New Orleans isn't the main character though, it's the titular lieutenant, Terence McDonagh, played by Nicholas Cage, and he really is the centre of the piece. Although he does have to solve a crime, the detective work and being a proper policeman is very much secondary to how the character develops through the course of the film. This is a character piece. A back injury sustained in the line of duty leaves McDonagh a slightly broken man. It's a nice addition to the character as it offers a deformity that may have been the catalyst for his descent. Back injury and slightly hunched walk is very much the tip of the character iceberg though, this role is perfectly suited to Cage's med horse face, the eccentric and manic delivery of the lines is brilliant. You feel that he is constantly on the edge, desperate, addicted to drugs and alcohol, one moment he is down in the doldrums, the next he is coked up to the nines and being abusive, he is violent, perverted. He is a nasty piece of work but yet we still feel sympathy towards him, which is where the skill really does shine through in Cage's performance. He can act a bit nutty, manic laughs, saggy stares, he has done all of that before, but to take a character that is so vile and still make him a hero, all be it an anti-hero, is very impressive.

He is supported by some good names as well with varying success, Eva Mendes is his girlfriend/prostitute and does fairly well with what isn't as interesting a role as it should be.

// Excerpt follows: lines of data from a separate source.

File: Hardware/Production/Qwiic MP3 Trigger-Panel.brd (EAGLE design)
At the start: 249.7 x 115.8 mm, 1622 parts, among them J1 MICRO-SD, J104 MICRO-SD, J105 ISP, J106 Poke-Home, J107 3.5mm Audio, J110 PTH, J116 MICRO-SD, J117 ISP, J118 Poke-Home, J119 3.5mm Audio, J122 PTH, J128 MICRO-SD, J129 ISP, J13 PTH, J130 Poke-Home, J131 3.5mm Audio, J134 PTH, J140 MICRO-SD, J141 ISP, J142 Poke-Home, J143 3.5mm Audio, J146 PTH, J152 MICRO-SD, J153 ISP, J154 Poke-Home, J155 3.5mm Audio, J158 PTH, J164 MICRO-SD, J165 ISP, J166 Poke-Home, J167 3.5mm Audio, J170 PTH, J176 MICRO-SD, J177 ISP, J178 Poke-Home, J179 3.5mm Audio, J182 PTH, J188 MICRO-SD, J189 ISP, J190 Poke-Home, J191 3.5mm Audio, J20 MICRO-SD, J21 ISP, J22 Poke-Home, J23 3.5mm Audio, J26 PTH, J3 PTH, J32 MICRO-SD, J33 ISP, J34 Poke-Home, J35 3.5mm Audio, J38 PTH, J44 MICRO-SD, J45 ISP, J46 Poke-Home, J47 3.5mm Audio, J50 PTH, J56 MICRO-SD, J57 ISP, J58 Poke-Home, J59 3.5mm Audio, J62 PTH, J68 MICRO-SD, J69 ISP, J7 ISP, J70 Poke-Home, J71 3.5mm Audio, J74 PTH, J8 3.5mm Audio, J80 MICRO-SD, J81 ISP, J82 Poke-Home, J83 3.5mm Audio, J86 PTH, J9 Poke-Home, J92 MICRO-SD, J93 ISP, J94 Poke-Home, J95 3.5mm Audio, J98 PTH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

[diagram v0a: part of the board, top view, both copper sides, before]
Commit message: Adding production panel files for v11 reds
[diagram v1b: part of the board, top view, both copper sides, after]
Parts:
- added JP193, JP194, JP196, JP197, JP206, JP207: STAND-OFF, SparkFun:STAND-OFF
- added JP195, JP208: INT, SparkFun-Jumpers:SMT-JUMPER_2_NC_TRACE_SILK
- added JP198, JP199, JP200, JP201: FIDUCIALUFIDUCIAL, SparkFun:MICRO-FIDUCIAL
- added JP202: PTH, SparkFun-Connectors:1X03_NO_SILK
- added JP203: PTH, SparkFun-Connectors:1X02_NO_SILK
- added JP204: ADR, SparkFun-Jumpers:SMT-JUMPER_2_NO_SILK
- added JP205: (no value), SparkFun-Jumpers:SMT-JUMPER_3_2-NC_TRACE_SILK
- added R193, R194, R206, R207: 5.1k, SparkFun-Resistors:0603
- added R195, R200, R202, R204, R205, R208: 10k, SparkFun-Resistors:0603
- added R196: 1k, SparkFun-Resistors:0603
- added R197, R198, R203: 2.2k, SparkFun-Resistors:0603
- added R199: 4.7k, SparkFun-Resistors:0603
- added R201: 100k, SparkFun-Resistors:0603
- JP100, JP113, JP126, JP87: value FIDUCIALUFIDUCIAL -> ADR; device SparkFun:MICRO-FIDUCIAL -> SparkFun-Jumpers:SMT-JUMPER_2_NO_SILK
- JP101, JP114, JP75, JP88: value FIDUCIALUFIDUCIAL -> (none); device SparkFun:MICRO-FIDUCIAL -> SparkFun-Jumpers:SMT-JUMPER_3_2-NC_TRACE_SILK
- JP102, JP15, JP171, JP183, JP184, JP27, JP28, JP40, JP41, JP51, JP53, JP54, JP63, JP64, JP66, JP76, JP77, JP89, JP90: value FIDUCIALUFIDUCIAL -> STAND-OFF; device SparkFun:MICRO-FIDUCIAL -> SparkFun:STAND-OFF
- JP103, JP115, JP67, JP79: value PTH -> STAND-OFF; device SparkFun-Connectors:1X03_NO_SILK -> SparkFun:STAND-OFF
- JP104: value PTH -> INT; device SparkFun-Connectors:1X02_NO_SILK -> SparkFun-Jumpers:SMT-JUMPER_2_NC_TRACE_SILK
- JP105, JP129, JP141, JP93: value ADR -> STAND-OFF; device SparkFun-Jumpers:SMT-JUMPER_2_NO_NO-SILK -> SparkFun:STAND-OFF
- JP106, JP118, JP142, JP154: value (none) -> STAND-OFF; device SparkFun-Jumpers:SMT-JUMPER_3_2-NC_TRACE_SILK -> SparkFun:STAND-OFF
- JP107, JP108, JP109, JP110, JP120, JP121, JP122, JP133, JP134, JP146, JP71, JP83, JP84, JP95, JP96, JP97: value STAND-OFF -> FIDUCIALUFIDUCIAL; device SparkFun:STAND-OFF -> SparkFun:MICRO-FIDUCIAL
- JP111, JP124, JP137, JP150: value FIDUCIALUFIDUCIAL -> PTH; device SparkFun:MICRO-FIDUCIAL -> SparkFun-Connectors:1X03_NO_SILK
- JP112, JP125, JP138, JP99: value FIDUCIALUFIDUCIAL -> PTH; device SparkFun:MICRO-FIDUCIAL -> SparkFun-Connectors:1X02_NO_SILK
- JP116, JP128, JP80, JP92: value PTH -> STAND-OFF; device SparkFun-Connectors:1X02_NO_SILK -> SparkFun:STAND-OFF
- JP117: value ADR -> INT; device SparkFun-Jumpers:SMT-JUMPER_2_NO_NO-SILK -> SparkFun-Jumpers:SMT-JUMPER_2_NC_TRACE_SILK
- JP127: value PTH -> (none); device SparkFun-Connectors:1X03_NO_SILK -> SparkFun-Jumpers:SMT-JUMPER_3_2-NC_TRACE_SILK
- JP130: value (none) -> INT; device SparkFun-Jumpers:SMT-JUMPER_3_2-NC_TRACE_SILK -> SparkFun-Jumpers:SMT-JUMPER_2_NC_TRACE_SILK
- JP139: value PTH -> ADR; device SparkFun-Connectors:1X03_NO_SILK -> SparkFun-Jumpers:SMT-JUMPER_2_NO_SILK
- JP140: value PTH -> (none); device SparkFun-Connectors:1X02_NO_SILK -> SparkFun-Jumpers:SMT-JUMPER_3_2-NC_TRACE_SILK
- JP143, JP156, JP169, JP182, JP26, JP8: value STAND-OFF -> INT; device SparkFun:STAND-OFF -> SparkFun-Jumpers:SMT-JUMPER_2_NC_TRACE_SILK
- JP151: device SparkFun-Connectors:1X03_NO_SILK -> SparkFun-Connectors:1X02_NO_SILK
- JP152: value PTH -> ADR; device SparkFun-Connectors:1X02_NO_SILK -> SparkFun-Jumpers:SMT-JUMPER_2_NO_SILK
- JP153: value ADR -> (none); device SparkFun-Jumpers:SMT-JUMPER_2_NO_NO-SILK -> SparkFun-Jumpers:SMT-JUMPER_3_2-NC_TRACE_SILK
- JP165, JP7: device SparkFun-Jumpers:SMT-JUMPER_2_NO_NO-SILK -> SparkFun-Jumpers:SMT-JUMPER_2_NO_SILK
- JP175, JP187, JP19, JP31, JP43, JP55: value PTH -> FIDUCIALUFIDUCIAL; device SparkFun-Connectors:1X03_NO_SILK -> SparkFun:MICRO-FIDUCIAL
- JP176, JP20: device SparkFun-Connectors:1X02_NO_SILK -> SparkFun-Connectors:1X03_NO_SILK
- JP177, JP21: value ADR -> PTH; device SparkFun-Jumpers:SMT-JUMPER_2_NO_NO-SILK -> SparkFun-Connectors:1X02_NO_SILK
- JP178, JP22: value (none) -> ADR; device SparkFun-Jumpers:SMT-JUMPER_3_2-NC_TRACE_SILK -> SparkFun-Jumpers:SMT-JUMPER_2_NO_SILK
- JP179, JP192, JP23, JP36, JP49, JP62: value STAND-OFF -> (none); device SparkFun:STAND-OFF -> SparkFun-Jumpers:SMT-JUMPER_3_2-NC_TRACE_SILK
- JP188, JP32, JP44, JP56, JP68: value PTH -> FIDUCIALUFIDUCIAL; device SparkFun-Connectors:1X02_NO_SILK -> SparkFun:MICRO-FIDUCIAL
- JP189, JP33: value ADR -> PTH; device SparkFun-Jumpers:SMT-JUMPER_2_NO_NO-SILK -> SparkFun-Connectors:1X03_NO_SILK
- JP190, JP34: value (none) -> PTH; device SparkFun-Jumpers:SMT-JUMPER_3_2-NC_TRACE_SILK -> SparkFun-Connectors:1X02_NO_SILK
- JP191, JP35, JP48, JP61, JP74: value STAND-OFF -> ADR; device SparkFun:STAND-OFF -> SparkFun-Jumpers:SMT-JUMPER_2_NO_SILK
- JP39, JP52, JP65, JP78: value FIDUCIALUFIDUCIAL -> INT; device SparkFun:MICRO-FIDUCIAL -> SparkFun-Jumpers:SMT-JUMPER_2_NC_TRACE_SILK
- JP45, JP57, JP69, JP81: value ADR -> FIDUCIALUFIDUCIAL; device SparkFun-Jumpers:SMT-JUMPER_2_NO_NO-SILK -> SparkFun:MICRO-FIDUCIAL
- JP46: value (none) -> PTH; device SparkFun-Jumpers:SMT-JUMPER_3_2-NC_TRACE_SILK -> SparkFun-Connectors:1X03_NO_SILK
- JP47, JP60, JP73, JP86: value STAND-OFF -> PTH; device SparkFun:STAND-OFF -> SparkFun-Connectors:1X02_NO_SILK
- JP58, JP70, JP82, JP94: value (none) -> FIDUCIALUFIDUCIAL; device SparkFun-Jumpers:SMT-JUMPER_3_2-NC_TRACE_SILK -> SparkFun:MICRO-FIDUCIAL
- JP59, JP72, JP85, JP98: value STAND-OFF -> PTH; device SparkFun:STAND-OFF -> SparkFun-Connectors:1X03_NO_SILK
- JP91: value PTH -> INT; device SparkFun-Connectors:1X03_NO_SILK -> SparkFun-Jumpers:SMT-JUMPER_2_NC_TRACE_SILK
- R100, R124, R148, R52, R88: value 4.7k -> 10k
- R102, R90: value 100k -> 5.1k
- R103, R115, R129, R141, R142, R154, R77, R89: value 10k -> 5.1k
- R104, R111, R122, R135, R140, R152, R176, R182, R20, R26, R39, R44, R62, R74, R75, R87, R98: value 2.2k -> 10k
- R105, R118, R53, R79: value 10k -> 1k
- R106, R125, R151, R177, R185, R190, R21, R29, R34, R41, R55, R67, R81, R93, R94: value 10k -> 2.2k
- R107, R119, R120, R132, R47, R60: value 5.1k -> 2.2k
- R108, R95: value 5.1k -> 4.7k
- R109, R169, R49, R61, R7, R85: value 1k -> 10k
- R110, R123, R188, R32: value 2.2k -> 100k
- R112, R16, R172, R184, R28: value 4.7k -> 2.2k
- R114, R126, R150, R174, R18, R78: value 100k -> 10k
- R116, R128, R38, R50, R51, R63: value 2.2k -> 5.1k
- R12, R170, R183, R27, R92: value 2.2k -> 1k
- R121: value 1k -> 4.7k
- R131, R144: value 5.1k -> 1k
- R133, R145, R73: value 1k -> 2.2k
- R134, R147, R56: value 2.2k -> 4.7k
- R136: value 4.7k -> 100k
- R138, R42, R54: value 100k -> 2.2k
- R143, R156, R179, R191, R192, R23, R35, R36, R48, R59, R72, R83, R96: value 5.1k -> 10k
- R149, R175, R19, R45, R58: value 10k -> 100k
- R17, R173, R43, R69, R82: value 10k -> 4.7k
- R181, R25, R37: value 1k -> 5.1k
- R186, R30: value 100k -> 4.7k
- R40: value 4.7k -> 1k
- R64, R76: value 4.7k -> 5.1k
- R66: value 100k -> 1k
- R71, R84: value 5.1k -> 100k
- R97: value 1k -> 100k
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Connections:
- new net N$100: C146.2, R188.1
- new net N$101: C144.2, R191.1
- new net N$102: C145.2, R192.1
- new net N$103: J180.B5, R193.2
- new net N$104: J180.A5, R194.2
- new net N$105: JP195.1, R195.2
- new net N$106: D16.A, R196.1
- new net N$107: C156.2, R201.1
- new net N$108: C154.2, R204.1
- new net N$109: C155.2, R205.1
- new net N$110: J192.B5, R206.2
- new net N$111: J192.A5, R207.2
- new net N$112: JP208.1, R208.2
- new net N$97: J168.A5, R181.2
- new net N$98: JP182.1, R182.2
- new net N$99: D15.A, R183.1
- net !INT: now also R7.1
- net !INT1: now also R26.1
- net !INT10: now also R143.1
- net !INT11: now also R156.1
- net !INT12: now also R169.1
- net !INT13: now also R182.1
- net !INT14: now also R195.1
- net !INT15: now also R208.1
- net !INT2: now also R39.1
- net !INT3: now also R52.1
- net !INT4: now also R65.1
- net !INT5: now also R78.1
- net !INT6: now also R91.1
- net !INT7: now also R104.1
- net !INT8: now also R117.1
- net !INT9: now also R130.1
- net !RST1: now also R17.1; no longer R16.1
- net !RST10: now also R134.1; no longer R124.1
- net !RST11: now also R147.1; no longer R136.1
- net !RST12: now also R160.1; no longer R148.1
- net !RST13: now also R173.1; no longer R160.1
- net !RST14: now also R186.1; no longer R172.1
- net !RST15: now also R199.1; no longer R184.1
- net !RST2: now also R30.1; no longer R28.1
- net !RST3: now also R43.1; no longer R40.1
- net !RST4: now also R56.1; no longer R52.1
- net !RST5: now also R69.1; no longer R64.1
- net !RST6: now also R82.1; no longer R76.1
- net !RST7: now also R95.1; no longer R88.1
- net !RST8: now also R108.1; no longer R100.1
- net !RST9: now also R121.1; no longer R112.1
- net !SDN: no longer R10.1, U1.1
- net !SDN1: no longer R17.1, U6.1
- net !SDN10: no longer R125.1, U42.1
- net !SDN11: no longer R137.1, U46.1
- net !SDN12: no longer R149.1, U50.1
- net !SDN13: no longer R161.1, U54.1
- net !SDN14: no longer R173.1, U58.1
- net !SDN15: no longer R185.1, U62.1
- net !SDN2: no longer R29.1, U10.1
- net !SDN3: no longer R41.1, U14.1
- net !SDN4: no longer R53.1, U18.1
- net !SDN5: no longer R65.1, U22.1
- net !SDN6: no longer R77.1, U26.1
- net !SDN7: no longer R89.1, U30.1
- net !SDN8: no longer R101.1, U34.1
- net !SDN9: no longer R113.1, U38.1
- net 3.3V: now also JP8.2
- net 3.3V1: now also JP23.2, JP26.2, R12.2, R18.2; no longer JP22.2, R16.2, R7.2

She still elicits the viewers empathy despite not being a very likeable character. Val Kilmer is a colleague of McDonagh's, also bent and on the take. He looks nothing like the lithe heart throb that was once Batman, tubby and rough, he is always interesting when on screen and makes Cage's character somehow look like PC Plod. Xzibit turns up as a gang leader and is exactly what you expect, playing himself but without any emotion of range, just monotone saying 'man' at the end of every sentence. Disappointing casting on that part.

The other star of the show is Herzog. More well known for his documentary films (and being shot in the stomach while with Mark Kermode) he mischievously has some fun with the fact that McDonagh is high for the majority of the film. Although he is violent, vile and addicted to everything you can think of, he isn't like Harvey Keitel's version. There is a comedic tone to a lot of the scenes of violence and drug taking, you genuinely don't know whether to laugh or be shocked, and my reaction did veer between the two constantly. The tonal shift could easily have seemed annoying and clunky but somehow it worked, perhaps it's Cage, it might be Herzog's skill, probably a combination of the two but it does work. Herzog's alligator and iguana-eye views of certain films are typically madcap and again just slot in.

Another thing worth noting is the ending. I'm not a fan of closure in films, I like to be able to take something for myself, but here was an ending that tied everything up but in such a way that I'm still not sure whether it actually happened or it was all in McDonagh's head. A fitting way to round off an odd, interesting and mad film that is well worth checking out.